The red-brown pigment of the eggshell has been named oöporphyrin (Fischer and Kögl, 1923, 1924; Fischer and Müller, 1925; Bierry and Gouzon, 1939). This pigment may easily be converted into hematoporphyrin, which shows a red luminescence in ultraviolet light, of wave length of 3660 angstrom units, generated by a quartz-mercury lamp (Hulsebosch, 1927). Hematoporphyrin is probably related t hematin, which is a decomposition product of the hemoglobin of the blood.

The brown eggshells of the domestic fowl are rich in oöporphyrin. According to Voelker (1940), oöporphyrin is present in the shell of whit eggs (at least those of the chicken, duck, goose, pigeon, and owl) when they are laid, but it is quickly destroyed by light. Oöporphyrin was also found in the eggshells of many other species, including a number of passerine birds.

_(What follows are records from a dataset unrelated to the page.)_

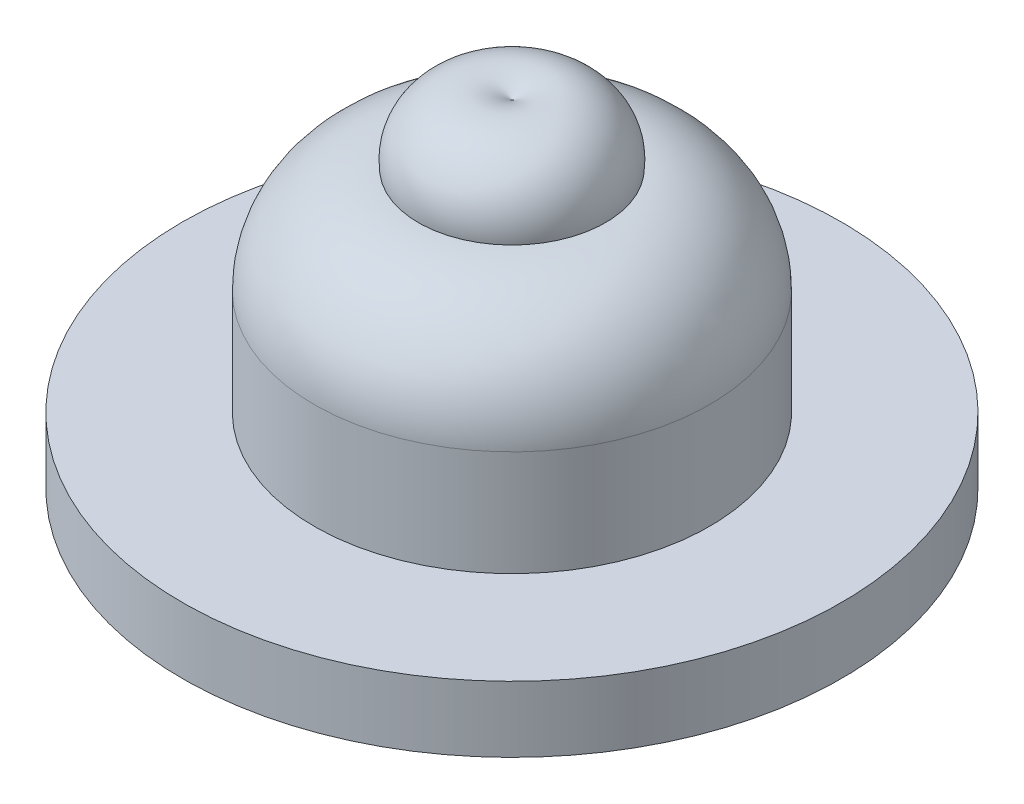
ISO-10303-21;
HEADER;
FILE_DESCRIPTION(('STEP AP214'),'2;1');
FILE_NAME('part.step','',(''),(''),'','','');
FILE_SCHEMA(('AUTOMOTIVE_DESIGN { 1 0 10303 214 1 1 1 1 }'));
ENDSEC;
DATA;
#1=APPLICATION_CONTEXT('core data for automotive mechanical design processes');
#2=APPLICATION_PROTOCOL_DEFINITION('international standard','automotive_design',2000,#1);
#3=PRODUCT_CONTEXT('',#1,'mechanical');
#4=PRODUCT('Part','Part','',(#3));
#5=PRODUCT_RELATED_PRODUCT_CATEGORY('part','',(#4));
#6=PRODUCT_DEFINITION_FORMATION('','',#4);
#7=PRODUCT_DEFINITION_CONTEXT('part definition',#1,'design');
#8=PRODUCT_DEFINITION('design','',#6,#7);
#9=PRODUCT_DEFINITION_SHAPE('','',#8);
#10=(LENGTH_UNIT() NAMED_UNIT(*) SI_UNIT(.MILLI.,.METRE.));
#11=(NAMED_UNIT(*) PLANE_ANGLE_UNIT() SI_UNIT($,.RADIAN.));
#12=(NAMED_UNIT(*) SI_UNIT($,.STERADIAN.) SOLID_ANGLE_UNIT());
#13=UNCERTAINTY_MEASURE_WITH_UNIT(LENGTH_MEASURE(1.E-05),#10,'distance_accuracy_value','');
#14=(GEOMETRIC_REPRESENTATION_CONTEXT(3) GLOBAL_UNCERTAINTY_ASSIGNED_CONTEXT((#13)) GLOBAL_UNIT_ASSIGNED_CONTEXT((#10,
#11,#12)) REPRESENTATION_CONTEXT('',''));
#15=CARTESIAN_POINT('',(0.,0.,0.));
#16=DIRECTION('',(0.,0.,1.));
#17=DIRECTION('',(1.,0.,0.));
#18=AXIS2_PLACEMENT_3D('',#15,#16,#17);
#19=CARTESIAN_POINT('',(0.,3.99602970845645,0.));
#20=DIRECTION('',(0.,-1.,0.));
#21=DIRECTION('',(1.,0.,0.));
#22=AXIS2_PLACEMENT_3D('',#19,#20,#21);
#23=PLANE('',#22);
#24=CARTESIAN_POINT('',(0.,3.99602970845645,0.));
#25=DIRECTION('',(0.,1.,0.));
#26=DIRECTION('',(-1.,0.,0.));
#27=AXIS2_PLACEMENT_3D('',#24,#25,#26);
#28=CIRCLE('',#27,12.5);
#29=CARTESIAN_POINT('',(-12.5,3.99602970845645,0.));
#30=VERTEX_POINT('',#29);
#31=EDGE_CURVE('E11',#30,#30,#28,.T.);
#32=ORIENTED_EDGE('',*,*,#31,.F.);
#33=EDGE_LOOP('',(#32));
#34=FACE_BOUND('',#33,.T.);
#35=ADVANCED_FACE('F41',(#34),#23,.T.);
#36=CARTESIAN_POINT('',(0.,16.7460297084564,0.));
#37=DIRECTION('',(0.,1.,0.));
#38=DIRECTION('',(-1.,0.,0.));
#39=AXIS2_PLACEMENT_3D('',#36,#37,#38);
#40=CYLINDRICAL_SURFACE('',#39,12.5);
#41=CARTESIAN_POINT('',(0.,6.49602970845645,0.));
#42=DIRECTION('',(0.,1.,0.));
#43=DIRECTION('',(-1.,0.,0.));
#44=AXIS2_PLACEMENT_3D('',#41,#42,#43);
#45=CIRCLE('',#44,12.5);
#46=CARTESIAN_POINT('',(-12.5,6.49602970845645,0.));
#47=VERTEX_POINT('',#46);
#48=EDGE_CURVE('E48',#47,#47,#45,.T.);
#49=ORIENTED_EDGE('',*,*,#48,.F.);
#50=EDGE_LOOP('',(#49));
#51=FACE_BOUND('',#50,.T.);
#52=ORIENTED_EDGE('',*,*,#31,.T.);
#53=EDGE_LOOP('',(#52));
#54=FACE_BOUND('',#53,.T.);
#55=ADVANCED_FACE('F76',(#51,#54),#40,.T.);
#56=CARTESIAN_POINT('',(0.,6.49602970845645,0.));
#57=DIRECTION('',(0.,-1.,0.));
#58=DIRECTION('',(1.,0.,0.));
#59=AXIS2_PLACEMENT_3D('',#56,#57,#58);
#60=PLANE('',#59);
#61=CARTESIAN_POINT('',(0.,6.49602970845645,0.));
#62=DIRECTION('',(0.,1.,0.));
#63=DIRECTION('',(-1.,0.,0.));
#64=AXIS2_PLACEMENT_3D('',#61,#62,#63);
#65=CIRCLE('',#64,7.5);
#66=CARTESIAN_POINT('',(-7.5,6.49602970845645,0.));
#67=VERTEX_POINT('',#66);
#68=EDGE_CURVE('E65',#67,#67,#65,.T.);
#69=ORIENTED_EDGE('',*,*,#68,.F.);
#70=EDGE_LOOP('',(#69));
#71=FACE_BOUND('',#70,.T.);
#72=ORIENTED_EDGE('',*,*,#48,.T.);
#73=EDGE_LOOP('',(#72));
#74=FACE_BOUND('',#73,.T.);
#75=ADVANCED_FACE('F74',(#71,#74),#60,.F.);
#76=CARTESIAN_POINT('',(0.,16.7460297084564,0.));
#77=DIRECTION('',(0.,1.,0.));
#78=DIRECTION('',(-1.,0.,0.));
#79=AXIS2_PLACEMENT_3D('',#76,#77,#78);
#80=CYLINDRICAL_SURFACE('',#79,7.5);
#81=CARTESIAN_POINT('',(0.,10.4960297084565,0.));
#82=DIRECTION('',(0.,1.,0.));
#83=DIRECTION('',(-1.,0.,0.));
#84=AXIS2_PLACEMENT_3D('',#81,#82,#83);
#85=CIRCLE('',#84,7.5);
#86=CARTESIAN_POINT('',(-7.5,10.4960297084565,0.));
#87=VERTEX_POINT('',#86);
#88=EDGE_CURVE('E61',#87,#87,#85,.T.);
#89=ORIENTED_EDGE('',*,*,#88,.F.);
#90=EDGE_LOOP('',(#89));
#91=FACE_BOUND('',#90,.T.);
#92=ORIENTED_EDGE('',*,*,#68,.T.);
#93=EDGE_LOOP('',(#92));
#94=FACE_BOUND('',#93,.T.);
#95=ADVANCED_FACE('F94',(#91,#94),#80,.T.);
#96=CARTESIAN_POINT('',(0.,10.4960297084565,0.));
#97=DIRECTION('',(0.,1.,0.));
#98=DIRECTION('',(-1.,0.,0.));
#99=AXIS2_PLACEMENT_3D('',#96,#97,#98);
#100=DEGENERATE_TOROIDAL_SURFACE('',#99,3.5,4.,.T.);
#101=CARTESIAN_POINT('',(0.,14.4957279515211,0.));
#102=DIRECTION('',(0.,1.,0.));
#103=DIRECTION('',(-1.,0.,0.));
#104=AXIS2_PLACEMENT_3D('',#101,#102,#103);
#105=CIRCLE('',#104,3.54913211195717);
#106=CARTESIAN_POINT('',(-3.54913211195717,14.4957279515211,0.));
#107=VERTEX_POINT('',#106);
#108=EDGE_CURVE('E58',#107,#107,#105,.T.);
#109=ORIENTED_EDGE('',*,*,#108,.F.);
#110=EDGE_LOOP('',(#109));
#111=FACE_BOUND('',#110,.T.);
#112=ORIENTED_EDGE('',*,*,#88,.T.);
#113=EDGE_LOOP('',(#112));
#114=FACE_BOUND('',#113,.T.);
#115=ADVANCED_FACE('F54',(#111,#114),#100,.T.);
#116=CARTESIAN_POINT('',(-1.24397994976672,14.7840487551283,0.));
#117=DIRECTION('',(0.,0.,-1.));
#118=DIRECTION('',(-1.,0.,0.));
#119=AXIS2_PLACEMENT_3D('',#116,#117,#118);
#120=CIRCLE('',#119,2.32311329397513);
#121=TRIMMED_CURVE('',#120,(PARAMETER_VALUE(-2.13587193722863)),
(PARAMETER_VALUE(2.13587193722863)),.T.,.PARAMETER.);
#122=CARTESIAN_POINT('',(0.,14.7840487551283,0.));
#123=DIRECTION('',(0.,1.,0.));
#124=AXIS1_PLACEMENT('',#122,#123);
#125=SURFACE_OF_REVOLUTION('',#121,#124);
#126=CARTESIAN_POINT('',(0.,16.7460297084564,0.));
#127=VERTEX_POINT('',#126);
#128=VERTEX_LOOP('',#127);
#129=FACE_BOUND('',#128,.T.);
#130=ORIENTED_EDGE('',*,*,#108,.T.);
#131=EDGE_LOOP('',(#130));
#132=FACE_BOUND('',#131,.T.);
#133=ADVANCED_FACE('F51',(#129,#132),#125,.T.);
#134=CLOSED_SHELL('',(#35,#55,#75,#95,#115,#133));
#135=MANIFOLD_SOLID_BREP('B2',#134);
#136=ADVANCED_BREP_SHAPE_REPRESENTATION('',(#18,#135),#14);
#137=SHAPE_DEFINITION_REPRESENTATION(#9,#136);
ENDSEC;
END-ISO-10303-21;
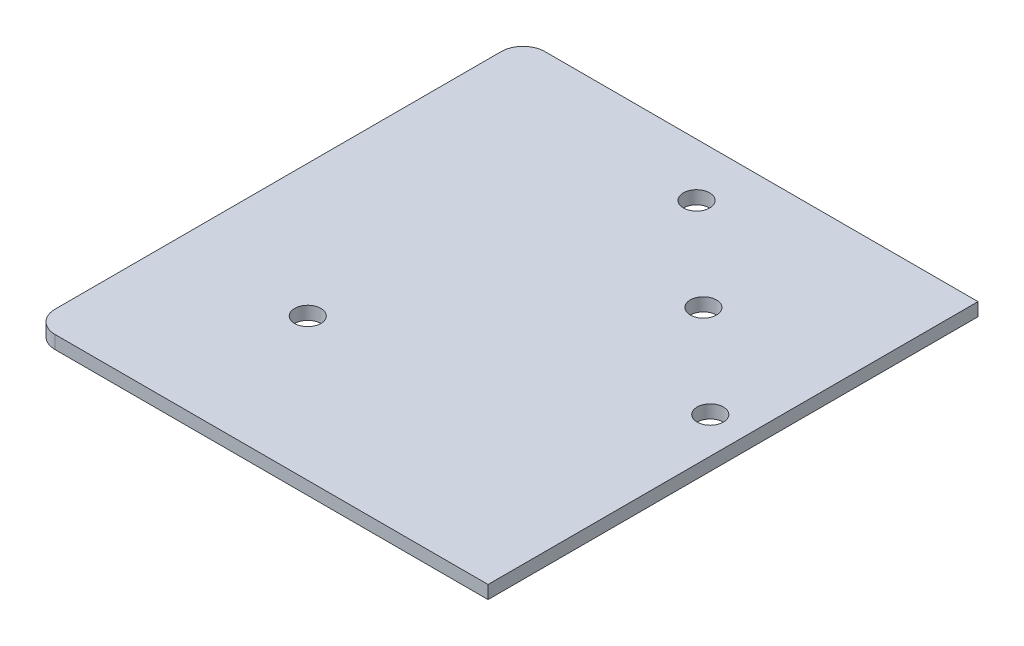
ISO-10303-21;
HEADER;
FILE_DESCRIPTION(('STEP AP214'),'2;1');
FILE_NAME('part.step','',(''),(''),'','','');
FILE_SCHEMA(('AUTOMOTIVE_DESIGN { 1 0 10303 214 1 1 1 1 }'));
ENDSEC;
DATA;
#1=APPLICATION_CONTEXT('core data for automotive mechanical design processes');
#2=APPLICATION_PROTOCOL_DEFINITION('international standard','automotive_design',2000,#1);
#3=PRODUCT_CONTEXT('',#1,'mechanical');
#4=PRODUCT('Part','Part','',(#3));
#5=PRODUCT_RELATED_PRODUCT_CATEGORY('part','',(#4));
#6=PRODUCT_DEFINITION_FORMATION('','',#4);
#7=PRODUCT_DEFINITION_CONTEXT('part definition',#1,'design');
#8=PRODUCT_DEFINITION('design','',#6,#7);
#9=PRODUCT_DEFINITION_SHAPE('','',#8);
#10=(LENGTH_UNIT() NAMED_UNIT(*) SI_UNIT(.MILLI.,.METRE.));
#11=(NAMED_UNIT(*) PLANE_ANGLE_UNIT() SI_UNIT($,.RADIAN.));
#12=(NAMED_UNIT(*) SI_UNIT($,.STERADIAN.) SOLID_ANGLE_UNIT());
#13=UNCERTAINTY_MEASURE_WITH_UNIT(LENGTH_MEASURE(1.E-05),#10,'distance_accuracy_value','');
#14=(GEOMETRIC_REPRESENTATION_CONTEXT(3) GLOBAL_UNCERTAINTY_ASSIGNED_CONTEXT((#13)) GLOBAL_UNIT_ASSIGNED_CONTEXT((#10,
#11,#12)) REPRESENTATION_CONTEXT('',''));
#15=CARTESIAN_POINT('',(0.,0.,0.));
#16=DIRECTION('',(0.,0.,1.));
#17=DIRECTION('',(1.,0.,0.));
#18=AXIS2_PLACEMENT_3D('',#15,#16,#17);
#19=CARTESIAN_POINT('',(228.6,9.525,0.));
#20=DIRECTION('',(1.,0.,0.));
#21=DIRECTION('',(0.,0.,-1.));
#22=AXIS2_PLACEMENT_3D('',#19,#20,#21);
#23=PLANE('',#22);
#24=DIRECTION('',(0.,0.,1.));
#25=VECTOR('',#24,1.);
#26=CARTESIAN_POINT('',(228.6,0.,0.));
#27=LINE('',#26,#25);
#28=CARTESIAN_POINT('',(228.6,0.,-161.925));
#29=VERTEX_POINT('',#28);
#30=CARTESIAN_POINT('',(228.6,0.,161.925));
#31=VERTEX_POINT('',#30);
#32=EDGE_CURVE('E116',#29,#31,#27,.T.);
#33=ORIENTED_EDGE('',*,*,#32,.T.);
#34=DIRECTION('',(0.,-1.,0.));
#35=VECTOR('',#34,1.);
#36=CARTESIAN_POINT('',(228.6,9.525,161.925));
#37=LINE('',#36,#35);
#38=CARTESIAN_POINT('',(228.6,9.525,161.925));
#39=VERTEX_POINT('',#38);
#40=EDGE_CURVE('E58',#31,#39,#37,.F.);
#41=ORIENTED_EDGE('',*,*,#40,.T.);
#42=DIRECTION('',(0.,0.,1.));
#43=VECTOR('',#42,1.);
#44=CARTESIAN_POINT('',(228.6,9.525,0.));
#45=LINE('',#44,#43);
#46=CARTESIAN_POINT('',(228.6,9.525,-161.925));
#47=VERTEX_POINT('',#46);
#48=EDGE_CURVE('E111',#47,#39,#45,.T.);
#49=ORIENTED_EDGE('',*,*,#48,.F.);
#50=DIRECTION('',(0.,-1.,0.));
#51=VECTOR('',#50,1.);
#52=CARTESIAN_POINT('',(228.6,0.,-161.925));
#53=LINE('',#52,#51);
#54=EDGE_CURVE('E134',#47,#29,#53,.T.);
#55=ORIENTED_EDGE('',*,*,#54,.T.);
#56=EDGE_LOOP('',(#33,#41,#49,#55));
#57=FACE_BOUND('',#56,.T.);
#58=ADVANCED_FACE('F37',(#57),#23,.F.);
#59=CARTESIAN_POINT('',(558.8,9.525,0.));
#60=DIRECTION('',(-1.,0.,0.));
#61=DIRECTION('',(0.,0.,1.));
#62=AXIS2_PLACEMENT_3D('',#59,#60,#61);
#63=PLANE('',#62);
#64=DIRECTION('',(0.,0.,-1.));
#65=VECTOR('',#64,1.);
#66=CARTESIAN_POINT('',(558.8,0.,0.));
#67=LINE('',#66,#65);
#68=CARTESIAN_POINT('',(558.8,0.,177.8));
#69=VERTEX_POINT('',#68);
#70=CARTESIAN_POINT('',(558.8,0.,-177.8));
#71=VERTEX_POINT('',#70);
#72=EDGE_CURVE('E118',#69,#71,#67,.T.);
#73=ORIENTED_EDGE('',*,*,#72,.T.);
#74=DIRECTION('',(0.,-1.,0.));
#75=VECTOR('',#74,1.);
#76=CARTESIAN_POINT('',(558.8,9.525,-177.8));
#77=LINE('',#76,#75);
#78=CARTESIAN_POINT('',(558.8,9.525,-177.8));
#79=VERTEX_POINT('',#78);
#80=EDGE_CURVE('E109',#79,#71,#77,.T.);
#81=ORIENTED_EDGE('',*,*,#80,.F.);
#82=DIRECTION('',(0.,0.,-1.));
#83=VECTOR('',#82,1.);
#84=CARTESIAN_POINT('',(558.8,9.525,0.));
#85=LINE('',#84,#83);
#86=CARTESIAN_POINT('',(558.8,9.525,177.8));
#87=VERTEX_POINT('',#86);
#88=EDGE_CURVE('E94',#87,#79,#85,.T.);
#89=ORIENTED_EDGE('',*,*,#88,.F.);
#90=DIRECTION('',(0.,-1.,0.));
#91=VECTOR('',#90,1.);
#92=CARTESIAN_POINT('',(558.8,9.525,177.8));
#93=LINE('',#92,#91);
#94=EDGE_CURVE('E101',#87,#69,#93,.T.);
#95=ORIENTED_EDGE('',*,*,#94,.T.);
#96=EDGE_LOOP('',(#73,#81,#89,#95));
#97=FACE_BOUND('',#96,.T.);
#98=ADVANCED_FACE('F107',(#97),#63,.F.);
#99=CARTESIAN_POINT('',(-912.372794199772,9.525,-177.8));
#100=DIRECTION('',(0.,0.,-1.));
#101=DIRECTION('',(-1.,0.,0.));
#102=AXIS2_PLACEMENT_3D('',#99,#100,#101);
#103=PLANE('',#102);
#104=DIRECTION('',(1.,0.,0.));
#105=VECTOR('',#104,1.);
#106=CARTESIAN_POINT('',(-912.372794199772,0.,-177.8));
#107=LINE('',#106,#105);
#108=CARTESIAN_POINT('',(244.475,0.,-177.8));
#109=VERTEX_POINT('',#108);
#110=EDGE_CURVE('E122',#109,#71,#107,.T.);
#111=ORIENTED_EDGE('',*,*,#110,.F.);
#112=DIRECTION('',(0.,-1.,0.));
#113=VECTOR('',#112,1.);
#114=CARTESIAN_POINT('',(244.475,9.525,-177.8));
#115=LINE('',#114,#113);
#116=CARTESIAN_POINT('',(244.475,9.525,-177.8));
#117=VERTEX_POINT('',#116);
#118=EDGE_CURVE('E11',#109,#117,#115,.F.);
#119=ORIENTED_EDGE('',*,*,#118,.T.);
#120=DIRECTION('',(1.,0.,0.));
#121=VECTOR('',#120,1.);
#122=CARTESIAN_POINT('',(-912.372794199772,9.525,-177.8));
#123=LINE('',#122,#121);
#124=EDGE_CURVE('E110',#117,#79,#123,.T.);
#125=ORIENTED_EDGE('',*,*,#124,.T.);
#126=ORIENTED_EDGE('',*,*,#80,.T.);
#127=EDGE_LOOP('',(#111,#119,#125,#126));
#128=FACE_BOUND('',#127,.T.);
#129=ADVANCED_FACE('F145',(#128),#103,.T.);
#130=CARTESIAN_POINT('',(-912.372794199772,9.525,0.));
#131=DIRECTION('',(0.,1.,0.));
#132=DIRECTION('',(0.,0.,1.));
#133=AXIS2_PLACEMENT_3D('',#130,#131,#132);
#134=PLANE('',#133);
#135=CARTESIAN_POINT('',(393.035251618311,9.525,-139.264785963965));
#136=DIRECTION('',(0.,-1.,0.));
#137=DIRECTION('',(0.,0.,-1.));
#138=AXIS2_PLACEMENT_3D('',#135,#136,#137);
#139=CIRCLE('',#138,9.52500000000002);
#140=CARTESIAN_POINT('',(393.035251618311,9.525,-148.789785963965));
#141=VERTEX_POINT('',#140);
#142=EDGE_CURVE('E165',#141,#141,#139,.T.);
#143=ORIENTED_EDGE('',*,*,#142,.T.);
#144=EDGE_LOOP('',(#143));
#145=FACE_BOUND('',#144,.T.);
#146=CARTESIAN_POINT('',(532.63241177312,9.525,-9.63885153449872));
#147=DIRECTION('',(0.,-1.,0.));
#148=DIRECTION('',(0.,0.,-1.));
#149=AXIS2_PLACEMENT_3D('',#146,#147,#148);
#150=CIRCLE('',#149,9.52500000000002);
#151=CARTESIAN_POINT('',(532.63241177312,9.525,-19.1638515344987));
#152=VERTEX_POINT('',#151);
#153=EDGE_CURVE('E159',#152,#152,#150,.T.);
#154=ORIENTED_EDGE('',*,*,#153,.T.);
#155=EDGE_LOOP('',(#154));
#156=FACE_BOUND('',#155,.T.);
#157=CARTESIAN_POINT('',(462.833831695716,9.525,-74.451818749232));
#158=DIRECTION('',(0.,-1.,0.));
#159=DIRECTION('',(0.,0.,-1.));
#160=AXIS2_PLACEMENT_3D('',#157,#158,#159);
#161=CIRCLE('',#160,9.52500000000002);
#162=CARTESIAN_POINT('',(462.833831695716,9.525,-83.976818749232));
#163=VERTEX_POINT('',#162);
#164=EDGE_CURVE('E153',#163,#163,#161,.T.);
#165=ORIENTED_EDGE('',*,*,#164,.T.);
#166=EDGE_LOOP('',(#165));
#167=FACE_BOUND('',#166,.T.);
#168=CARTESIAN_POINT('',(324.566168304285,9.525,74.4518187492319));
#169=DIRECTION('',(0.,-1.,0.));
#170=DIRECTION('',(0.,0.,-1.));
#171=AXIS2_PLACEMENT_3D('',#168,#169,#170);
#172=CIRCLE('',#171,9.52500000000002);
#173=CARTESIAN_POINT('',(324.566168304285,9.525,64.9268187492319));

The blue-green pigment of some highly colored eggshells was named oöcyan by Sorby (1875). The chemical properties of this pigment indicate that it is a substance containing three pyrrole rings (Lemberg, 1931). According to Tixier (1945), the green pigment of the emu egg is the methyl ester of biliverdin IXa.

Now you know. How the colors are distributed (evenly across the surface, in spots or splotches) depends on where in the shell formation process the egg is when the pigments are deposited.

Being a thorough book, there is also a section on artistic uses of eggs and eggshells. The author includes the following paragraph and illustration:

Eggshell Mosaics.
The production of mosaics, by inlaying small pieces of glass, tile, enamel, or a variety of other substances, is an ancient craft that has frequently reached a high degree of artistry. It is also practiced as a hobby. Among the materials that have been used for this purpose is colored eggshell, which has been found adaptable for making many novel designs (Fig. 422). The shells are broken into pieces from 1/8 to ¼ inch in diameter, dyed, and glued to a base in the desired arrangement.